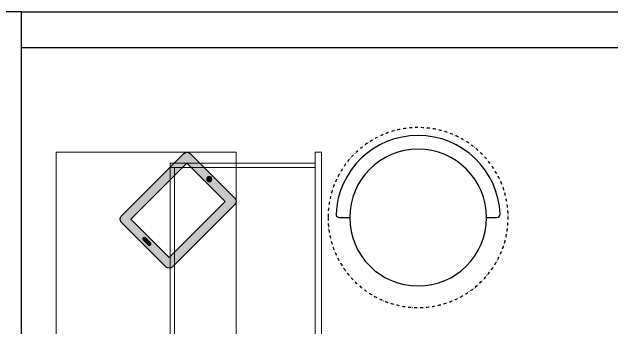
# Model space of a CAD drawing. Header units: feet. Extents: x 2962375 to 2970774, y -5767548 to -5746399.
# Drawn here: x 2967516 to 2969182, y -5754589 to -5753714 of the extents above; entities that cross this region are included whole.
import ezdxf

# ---------------------------------------------------------------- set-up
doc = ezdxf.new("R2010")
doc.units = ezdxf.units.FT
doc.header["$LTSCALE"] = 33
doc.header["$MEASUREMENT"] = 0
doc.linetypes.add('DASHDOT2', pattern=[0.5, 0.25, -0.125, 0, -0.125])
for name, color, linetype, lineweight in [('LENS-FURNITURE', 13, 'Continuous', 9), ('LENS-PARTITION', 21, 'Continuous', 25), ('LN-ELEVATION-1', 81, 'Continuous', 25)]:
    doc.layers.add(name, color=color, linetype=linetype, lineweight=lineweight)

# ---------------------------------------------------------------- blocks, each defined once
blk = doc.blocks.new('TRIAL SET CABINET 633x500')
at = {"layer": 'LENS-FURNITURE'}
h = blk.add_hatch(color=9, dxfattribs=at)
h.dxf.hatch_style = 1
edge = h.paths.add_edge_path()
edge.add_line((-8.54246803093703, -981.9670201920668), (115.9083254579454, -857.5162267031847))
edge.add_arc((107.4230440836399, -849.030945328879), 12.00000000009463, 315, 405)
edge.add_line((115.9083254579454, -840.5456639545736), (-58.03994271345434, -666.5973957831737))
edge.add_arc((-66.52522408775982, -675.0826771574792), 12.00000000009463, 45.00000000000002, 135)
edge.add_line((-75.01050546206531, -666.5973957831737), (-199.4612989509478, -791.0481892720562))
edge.add_arc((-190.9760175766423, -799.5334706454303), 11.99999999943607, 135.0000000031442, 225.0000000031442)
edge.add_line((-199.4612989500165, -808.0187520197359), (-25.5130307786167, -981.967020191136))
edge.add_arc((-17.02774940431148, -973.4817388177615), 11.99999999943605, 224.9999999968574, 314.9999999968578)
h.paths.add_polyline_path([(-17.02774940524252, -955.0969625067663), (89.03826777357607, -849.0309453279477), (-66.52522408775982, -693.4674534666119), (-172.5912412665784, -799.5334706454305)], flags=16)
edge = h.paths.add_edge_path(flags=16)
edge.add_line((-138.2965623782947, -741.9042679787381), (-124.1544267544522, -727.7621323548956))
edge.add_arc((-121.3259996296837, -730.5905594796641), 4.000000000031514, 45.00000000000051, 134.9999999999996, ccw=False)
edge.add_arc((-121.3259996296838, -730.5905594796641), 4.000000000031584, -45.000000000000625, 44.999999999999375, ccw=False)
edge.add_line((-118.4975725049153, -733.4189866044327), (-132.6397081287578, -747.561122228275))
edge.add_arc((-135.4681352535263, -744.7326951035067), 4.000000000031524, 225.0000000000006, 314.99999999999966, ccw=False)
edge.add_arc((-135.4681352535261, -744.7326951035066), 4.000000000031665, 135.0000000000006, 225.0000000000006, ccw=False)
edge = h.paths.add_edge_path(flags=16)
edge.add_arc((44.84409394953398, -910.9027886827243), 7, 0, 360)
at = {"layer": 'LENS-FURNITURE', "lineweight": 0}
h = blk.add_hatch(dxfattribs=at)
h.set_pattern_fill('ANSI31', color=252, scale=10, angle=405)
h.set_pattern_definition([(90, (-3772352.875833935, -3684050.327587578), (-1.25, 2e-16), [])])
edge = h.paths.add_edge_path()
edge.add_line((-138.2965623782947, -741.9042679787381), (-124.1544267544522, -727.7621323548956))
edge.add_arc((-121.3259996296837, -730.5905594796641), 4.000000000031514, 45.00000000000051, 134.9999999999996, ccw=False)
edge.add_arc((-121.3259996296838, -730.5905594796641), 4.000000000031584, -45.000000000000625, 44.999999999999375, ccw=False)
edge.add_line((-118.4975725049153, -733.4189866044327), (-132.6397081287578, -747.561122228275))
edge.add_arc((-135.4681352535263, -744.7326951035067), 4.000000000031524, 225.0000000000006, 314.99999999999966, ccw=False)
edge.add_arc((-135.4681352535261, -744.7326951035066), 4.000000000031665, 135.0000000000006, 225.0000000000006, ccw=False)
edge = h.paths.add_edge_path()
edge.add_arc((44.84409394953398, -910.9027886827243), 7, 0, 360)
blk.add_circle((0, 0), 50.09224864585668)
at = {"layer": 'LENS-FURNITURE'}
blk.add_lwpolyline([(119.4230440827086, -352.4817388160154), (119.4230440827086, -985.4817388160156), (-380.5769559172913, -985.4817388160156), (-380.5769559172913, -352.4817388160154)], close=True, dxfattribs=at)
at = {"layer": 'LENS-FURNITURE', "color": 146}
for points in [[(338.5359051078558, -352.4817388160154), (338.5359051078558, -985.4817388160156), (356.5359051078559, -985.4817388160156), (356.5359051078559, -352.4817388160154)], [(-63.4640948921442, -382.4817388160154), (-63.4640948921442, -394.4817388160154), (338.5359051078558, -394.4817388160154), (338.5359051078558, -382.4817388160154)], [(-63.4640948921442, -394.4817388160154), (-63.4640948921442, -943.4817388160153), (-51.4640948921442, -943.4817388160153), (-51.4640948921442, -394.4817388160154)], [(-63.4640948921442, -955.4817388160152), (-63.4640948921442, -943.4817388160153), (338.5359051078558, -943.4817388160153), (338.5359051078558, -955.4817388160152)]]:
    blk.add_lwpolyline(points, close=True, dxfattribs=at)
at = {"layer": 'LENS-FURNITURE', "color": 18, "lineweight": 30}
for points in [[(-8.54246803093703, -981.9670201920668), (115.9083254579454, -857.5162267031847, 0.4142135623730951), (115.9083254579454, -840.5456639545736), (-58.03994271345434, -666.5973957831737, 0.4142135623730951), (-75.01050546206531, -666.5973957831737), (-199.4612989509478, -791.0481892720562, 0.4142135623730951), (-199.4612989500165, -808.0187520197359), (-25.51303077861669, -981.967020191136, 0.4142135623730951)], [(-138.2965623782947, -741.9042679787381), (-124.1544267544522, -727.7621323548956, -0.4142135623730951), (-118.4975725049153, -727.7621323548956), (-118.4975725049153, -727.7621323548956, -0.4142135623730951), (-118.4975725049153, -733.4189866044327), (-132.6397081287578, -747.561122228275, -0.4142135623730951), (-138.2965623782947, -747.561122228275), (-138.2965623782947, -747.561122228275, -0.4142135623730951)]]:
    blk.add_lwpolyline(points, format="xyb", close=True, dxfattribs=at)
blk.add_lwpolyline([(-17.02774940524252, -955.0969625067663), (89.03826777357607, -849.0309453279477), (-66.52522408775982, -693.4674534666119), (-172.5912412665784, -799.5334706454305)], close=True, dxfattribs=at)
blk.add_circle((44.84409394953398, -910.9027886827243), 7, dxfattribs=at)
blk = doc.blocks.new('DOCTOR STOOL')
at = {"layer": 'LN-ELEVATION-1', "ltscale": 100}
blk.add_lwpolyline([(228, 37.80991746066138), (228, 9.11999999731779, -0.4264743413925903), (218.5, 0.0079201031476259, -0.959166304662544), (218.5, 455.611914822366, -0.4264743413925903), (228, 446.4998349279631), (228, 417.8099174646194)], format="xyb", dxfattribs=at)
at = {"layer": 'LN-ELEVATION-1', "linetype": 'DASHDOT2'}
blk.add_circle((228, 227.8099174629897), 250, dxfattribs=at)
at = {"layer": 'LN-ELEVATION-1', "ltscale": 100}
blk.add_circle((228, 227.8099174629897), 190, dxfattribs=at)

msp = doc.modelspace()

# ---------------------------------------------------------------- linework, layer by layer
at = {"layer": 'LENS-PARTITION'}
for points in [[(2967442.597603366, -5755463.546477256), (2967542.597603366, -5755463.546477256), (2967542.597603366, -5753713.546477255), (2967442.597603366, -5753713.546477255)], [(2970140.597603366, -5753813.546477255), (2967542.597603366, -5753813.546477255), (2967542.597603366, -5753713.546477255), (2970140.597603366, -5753713.546477255)]]:
    msp.add_lwpolyline(points, close=True, dxfattribs=at)

# ---------------------------------------------------------------- block references
at = {"layer": 'LENS-FURNITURE', "xscale": -1}
for name, p, rotation in [('DOCTOR STOOL', (2968871.287868088, -5754056.537053308), 90), ('TRIAL SET CABINET 633x500', (2968018.73350126, -5755088.546477257), 180)]:
    msp.add_blockref(name, p, dxfattribs=dict(at, rotation=rotation))

doc.saveas('drawing.dxf')

REQUIREMENT
Copy nothing but the lines from the top of the material through the line holding "-840.5456639545736), (-58.03994271345434, -666.5973957831737))", exactly as written; omit pictures.

SOLUTION TO THE PROBLEM
# Model space of a CAD drawing. Header units: feet. Extents: x 2962375 to 2970774, y -5767548 to -5746399.
# Drawn here: x 2967516 to 2969182, y -5754589 to -5753714 of the extents above; entities that cross this region are included whole.
import ezdxf

# ---------------------------------------------------------------- set-up
doc = ezdxf.new("R2010")
doc.units = ezdxf.units.FT
doc.header["$LTSCALE"] = 33
doc.header["$MEASUREMENT"] = 0
doc.linetypes.add('DASHDOT2', pattern=[0.5, 0.25, -0.125, 0, -0.125])
for name, color, linetype, lineweight in [('LENS-FURNITURE', 13, 'Continuous', 9), ('LENS-PARTITION', 21, 'Continuous', 25), ('LN-ELEVATION-1', 81, 'Continuous', 25)]:
    doc.layers.add(name, color=color, linetype=linetype, lineweight=lineweight)

# ---------------------------------------------------------------- blocks, each defined once
blk = doc.blocks.new('TRIAL SET CABINET 633x500')
at = {"layer": 'LENS-FURNITURE'}
h = blk.add_hatch(color=9, dxfattribs=at)
h.dxf.hatch_style = 1
edge = h.paths.add_edge_path()
edge.add_line((-8.54246803093703, -981.9670201920668), (115.9083254579454, -857.5162267031847))
edge.add_arc((107.4230440836399, -849.030945328879), 12.00000000009463, 315, 405)
edge.add_line((115.9083254579454, -840.5456639545736), (-58.03994271345434, -666.5973957831737))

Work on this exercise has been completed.